No I don't sadly =( - Just English & French. –  Nizbel99 Oct 15 '12 at 5:14
    
This is a shame, because the references you've given me look like just what I would need if they were in English. I can't seem to find anything comprehensive like this in English either. –  Nizbel99 Oct 15 '12 at 5:25
1  
You can find a few ideas in answers to this question, this question, and this question. (I’ve not yet had time to look at your actual question.) –  Brian M. Scott Oct 15 '12 at 5:35
    
Thank you =) - I am taking a look now, although these look a lot more complex than what we've seen in class.
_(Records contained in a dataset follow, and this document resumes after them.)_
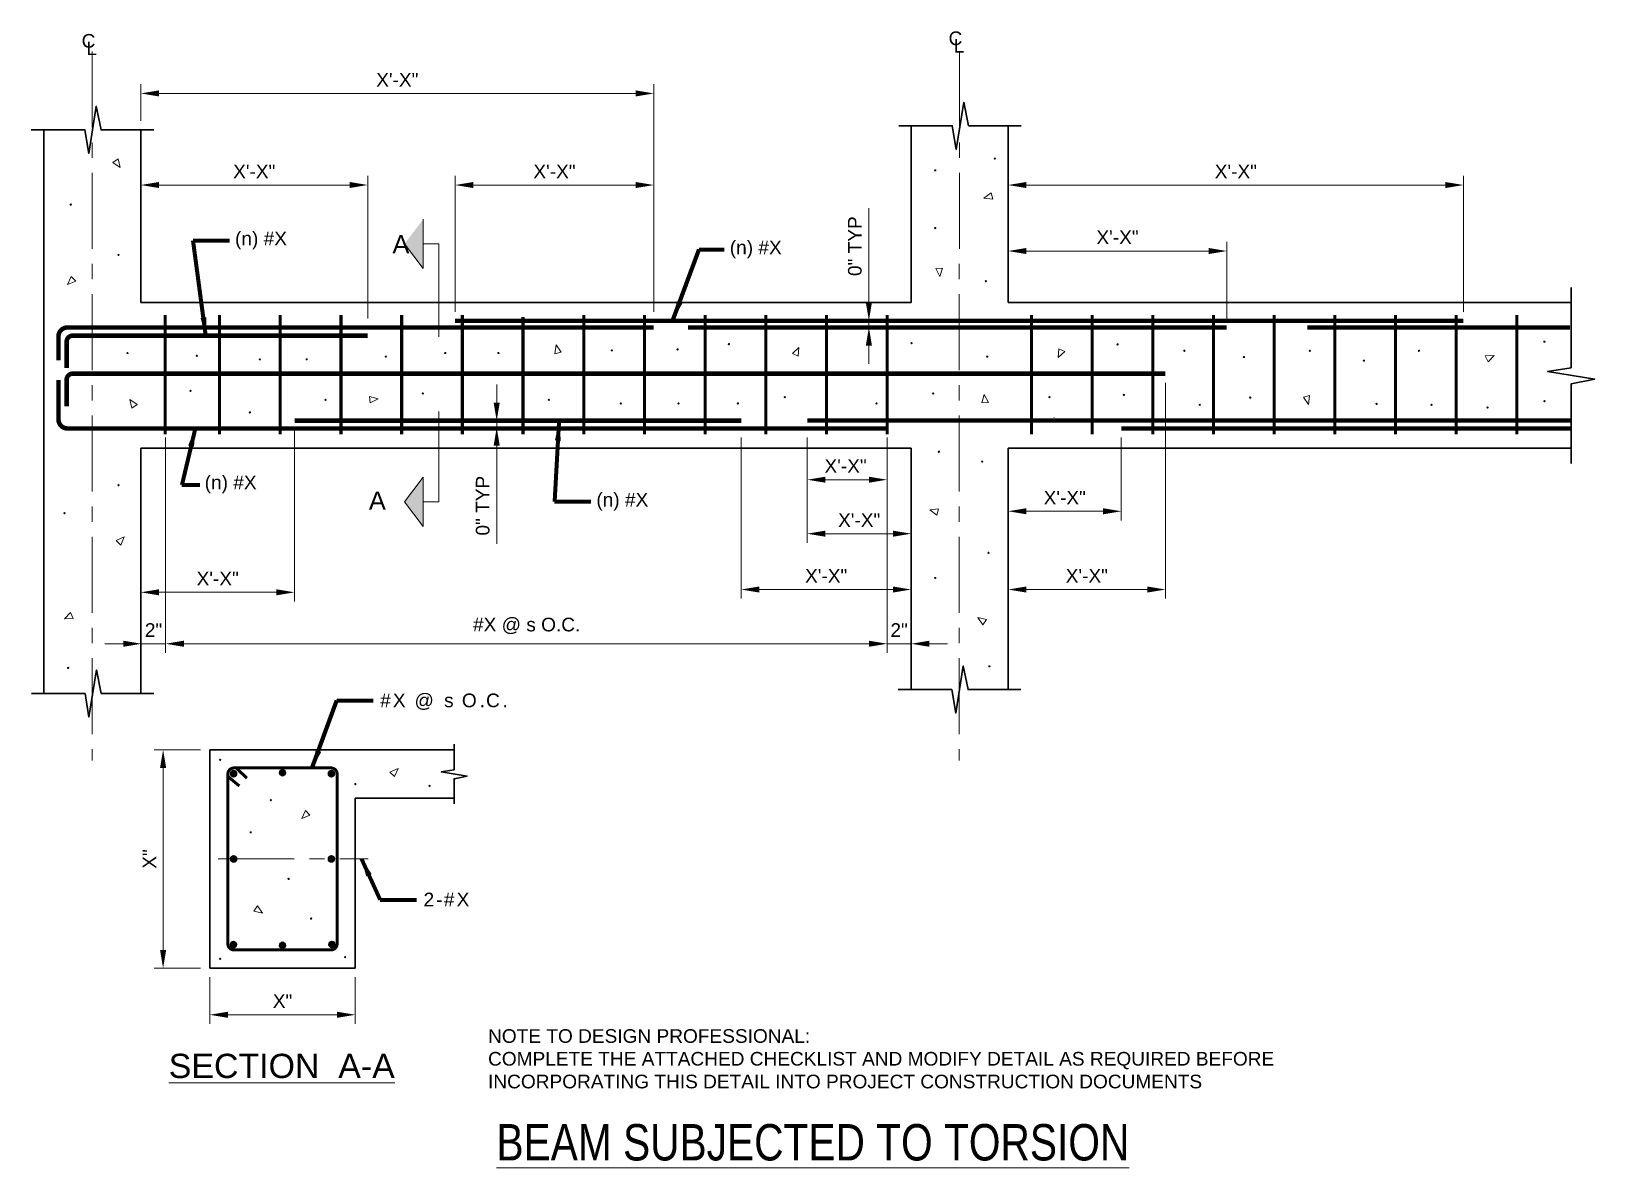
# Model space of a CAD drawing. Header units: inches. Extents: x -1940 to -1811, y 999 to 1092.
import ezdxf

# ---------------------------------------------------------------- set-up
doc = ezdxf.new("R2010")
doc.units = ezdxf.units.IN
doc.header["$LTSCALE"] = 5
doc.header["$MEASUREMENT"] = 0
doc.linetypes.add('CENTER', pattern=[2, 1.25, -0.25, 0.25, -0.25])
doc.linetypes.add('HIDDEN', pattern=[0.375, 0.25, -0.125])
for name, color, linetype, lineweight in [('S-ANNO-DIMS', 1, 'Continuous', 20), ('S-ANNO-TEXT', 7, 'Continuous', 20), ('S-DELT-PATT', 7, 'Continuous', 15), ('S-DETL', 3, 'Continuous', 30), ('S-GRID', 9, 'CENTER', 20)]:
    doc.layers.add(name, color=color, linetype=linetype, lineweight=lineweight)
doc.styles.add('Romans', font='arial.ttf')
doc.dimstyles.get("Standard").update_dxf_attribs({"dimtxt": 0.18, "dimasz": 0.18, "dimexe": 0.18, "dimexo": 0.0625, "dimgap": 0.09, "dimtad": 0, "dimtih": 1, "dimtoh": 1, "dimdec": 4, "dimzin": 0, "dimdsep": 46, "dimtxsty": 'Standard', "dimcen": 0.09, "dimadec": 0, "dimazin": 0, "dimtfac": 1, "dimtdec": 4, "dimtofl": 0, "dimtmove": 0, "dimatfit": 3, "dimfxl": 1, "dimtolj": 1, "dimtzin": 0, "dimarcsym": 0})

# ---------------------------------------------------------------- blocks, each defined once
blk = doc.blocks.new('*D0')
at = {"layer": 'Defpoints', "color": 0, "transparency": 16777216}
for p in [(-1931.17, 1079.66), (-1931.17, 1079.66), (-1912.47, 1067.92)]:
    blk.add_point(p, dxfattribs=at)
at = {"layer": 'S-ANNO-DIMS', "transparency": 16777216}
for p, q in [((-1912.47, 1068.67), (-1912.47, 1080.41)), ((-1913.97, 1079.66), (-1929.67, 1079.66))]:
    blk.add_line(p, q, dxfattribs=at)
for points in [[(-1929.67, 1079.91), (-1929.67, 1079.41), (-1931.17, 1079.66)], [(-1913.97, 1079.91), (-1913.97, 1079.41), (-1912.47, 1079.66)]]:
    blk.add_solid(points, dxfattribs=at)
at = {"layer": 'S-ANNO-DIMS', "transparency": 16777216, "insert": (-1921.82, 1080.78), "char_height": 1.125, "attachment_point": 5, "style": 'Romans'}
blk.add_mtext('\\A1;X\'-X"', dxfattribs=at)
blk = doc.blocks.new('*D1')
at = {"layer": 'Defpoints', "color": 0, "transparency": 16777216}
for p in [(-1876.25, 1059.59), (-1869.67, 1059.59), (-1876.25, 1055.37)]:
    blk.add_point(p, dxfattribs=at)
at = {"layer": 'S-ANNO-DIMS', "transparency": 16777216}
for p, q in [((-1876.25, 1058.84), (-1876.25, 1054.62)), ((-1869.67, 1058.84), (-1869.67, 1054.62)), ((-1871.17, 1055.37), (-1874.75, 1055.37))]:
    blk.add_line(p, q, dxfattribs=at)
for points in [[(-1874.75, 1055.62), (-1874.75, 1055.12), (-1876.25, 1055.37)], [(-1871.17, 1055.62), (-1871.17, 1055.12), (-1869.67, 1055.37)]]:
    blk.add_solid(points, dxfattribs=at)
at = {"layer": 'S-ANNO-DIMS', "transparency": 16777216, "insert": (-1873.09, 1056.5), "char_height": 1.125, "attachment_point": 5, "style": 'Romans'}
blk.add_mtext('\\A1;X\'-X"', dxfattribs=at)
blk = doc.blocks.new('*D2')
at = {"layer": 'Defpoints', "color": 0, "transparency": 16777216}
for p in [(-1850.37, 1059.59), (-1859.69, 1053.19), (-1859.69, 1052.77)]:
    blk.add_point(p, dxfattribs=at)
at = {"layer": 'S-ANNO-DIMS', "transparency": 16777216}
for p, q in [((-1850.37, 1058.84), (-1850.37, 1052.02)), ((-1851.87, 1052.77), (-1858.19, 1052.77)), ((-1859.69, 1052.44), (-1859.69, 1052.02))]:
    blk.add_line(p, q, dxfattribs=at)
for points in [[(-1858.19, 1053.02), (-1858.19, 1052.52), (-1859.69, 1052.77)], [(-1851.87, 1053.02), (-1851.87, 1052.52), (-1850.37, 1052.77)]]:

I will continue to try and work through this problems as well, in the mean time :) –  Nizbel99 Oct 15 '12 at 5:39

4 Answers 4

up vote 2 down vote accepted

You can prove

$${a + 1 + b \brack b}_q = \sum\limits_{j=0}^{b} q^{(a+1)(b-j)}{a+j \brack j}_q\tag{1}$$ by induction on $b$. Assume $(1)$. Then

$$\begin{align*} \sum\limits_{j=0}^{b+1} q^{(a+1)(b+1-j)}{a+j \brack j}_q&={a+b+1\brack b+1}_q+\sum\limits_{j=0}^{b} q^{(a+1)(b+1-j)}{a+j \brack j}_q\\ &={a+b+1\brack b+1}_q+q^{a+1}\sum_{j=0}^bq^{(a+1)(b-j)}{a+j\brack j}_q\\ &={a + 1 + b \brack b+1}_q+q^{a+1}{a+1+b\brack b}_q\\ &={a+2+b\brack b+1}_q \end{align*}$$

by the fundamental recurrence $${n+1\brack k}_q={n\brack k}_q+q^{n-k+1}{n\brack k-1}_q\;.$$ It’s worth mentioning the other fundamental Pascal-like recurrence: $${n+1\brack k}_q=q^k{n\brack k}_q+{n\brack k-1}_q\;.$$

I also found these slides of a talk that I think you might find very useful.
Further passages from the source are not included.